Task details => Using the string "solid" as the key, pull each matching line out of the records below.

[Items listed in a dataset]
***

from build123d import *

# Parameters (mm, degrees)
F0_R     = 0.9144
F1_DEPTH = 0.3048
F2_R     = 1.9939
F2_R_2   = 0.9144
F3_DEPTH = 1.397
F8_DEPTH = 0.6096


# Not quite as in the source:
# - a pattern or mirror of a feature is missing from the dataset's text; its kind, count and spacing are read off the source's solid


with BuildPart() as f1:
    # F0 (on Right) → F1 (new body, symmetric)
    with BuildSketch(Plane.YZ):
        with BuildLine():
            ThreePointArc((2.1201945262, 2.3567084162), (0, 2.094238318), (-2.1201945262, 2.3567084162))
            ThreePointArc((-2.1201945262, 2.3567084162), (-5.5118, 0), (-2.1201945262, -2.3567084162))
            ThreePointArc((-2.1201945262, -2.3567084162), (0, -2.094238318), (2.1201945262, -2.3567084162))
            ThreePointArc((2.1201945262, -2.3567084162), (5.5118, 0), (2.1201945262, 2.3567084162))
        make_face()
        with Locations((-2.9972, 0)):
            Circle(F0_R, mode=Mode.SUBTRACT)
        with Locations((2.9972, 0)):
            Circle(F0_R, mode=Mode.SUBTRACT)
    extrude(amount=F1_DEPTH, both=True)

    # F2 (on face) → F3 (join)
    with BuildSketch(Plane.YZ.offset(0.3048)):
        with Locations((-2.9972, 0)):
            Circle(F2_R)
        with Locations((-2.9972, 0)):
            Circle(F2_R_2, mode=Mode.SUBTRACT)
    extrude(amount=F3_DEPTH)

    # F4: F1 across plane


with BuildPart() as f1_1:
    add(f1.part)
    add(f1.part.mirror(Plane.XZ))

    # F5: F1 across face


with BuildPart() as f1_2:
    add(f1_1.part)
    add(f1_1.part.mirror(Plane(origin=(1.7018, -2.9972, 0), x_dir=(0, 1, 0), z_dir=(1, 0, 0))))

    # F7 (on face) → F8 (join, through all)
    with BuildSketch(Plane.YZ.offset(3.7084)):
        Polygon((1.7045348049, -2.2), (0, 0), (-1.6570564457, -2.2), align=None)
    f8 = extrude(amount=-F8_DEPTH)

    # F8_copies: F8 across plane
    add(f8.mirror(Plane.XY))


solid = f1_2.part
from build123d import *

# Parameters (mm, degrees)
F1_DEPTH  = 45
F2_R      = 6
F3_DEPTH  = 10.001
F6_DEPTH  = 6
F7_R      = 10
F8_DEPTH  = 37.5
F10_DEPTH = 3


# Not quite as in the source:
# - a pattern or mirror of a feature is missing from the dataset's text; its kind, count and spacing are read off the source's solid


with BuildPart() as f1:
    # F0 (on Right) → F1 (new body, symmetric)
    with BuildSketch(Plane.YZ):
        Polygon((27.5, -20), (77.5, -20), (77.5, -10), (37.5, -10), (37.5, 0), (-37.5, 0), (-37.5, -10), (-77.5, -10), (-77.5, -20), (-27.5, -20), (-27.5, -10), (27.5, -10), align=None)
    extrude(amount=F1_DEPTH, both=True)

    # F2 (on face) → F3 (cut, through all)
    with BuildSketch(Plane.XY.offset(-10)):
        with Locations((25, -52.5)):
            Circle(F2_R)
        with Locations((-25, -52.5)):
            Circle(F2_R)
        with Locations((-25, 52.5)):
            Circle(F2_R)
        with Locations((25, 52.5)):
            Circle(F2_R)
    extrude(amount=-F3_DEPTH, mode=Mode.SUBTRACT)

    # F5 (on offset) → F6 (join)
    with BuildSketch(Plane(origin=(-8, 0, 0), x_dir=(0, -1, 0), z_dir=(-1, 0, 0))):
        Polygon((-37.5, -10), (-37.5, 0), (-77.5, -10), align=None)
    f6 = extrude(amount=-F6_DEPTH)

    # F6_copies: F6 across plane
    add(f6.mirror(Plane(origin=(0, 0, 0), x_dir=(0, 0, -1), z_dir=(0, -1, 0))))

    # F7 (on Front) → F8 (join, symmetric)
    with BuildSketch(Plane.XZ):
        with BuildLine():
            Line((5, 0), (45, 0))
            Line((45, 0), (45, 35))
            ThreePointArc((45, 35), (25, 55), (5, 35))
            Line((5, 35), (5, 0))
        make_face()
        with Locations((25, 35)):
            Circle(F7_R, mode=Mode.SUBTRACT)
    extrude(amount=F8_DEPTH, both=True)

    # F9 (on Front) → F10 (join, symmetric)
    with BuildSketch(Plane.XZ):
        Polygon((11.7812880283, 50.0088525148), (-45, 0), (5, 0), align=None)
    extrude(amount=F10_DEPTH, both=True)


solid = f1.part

***

Response to the task =>
# - a pattern or mirror of a feature is missing from the dataset's text; its kind, count and spacing are read off the source's solid
solid = f1_2.part
# - a pattern or mirror of a feature is missing from the dataset's text; its kind, count and spacing are read off the source's solid
solid = f1.part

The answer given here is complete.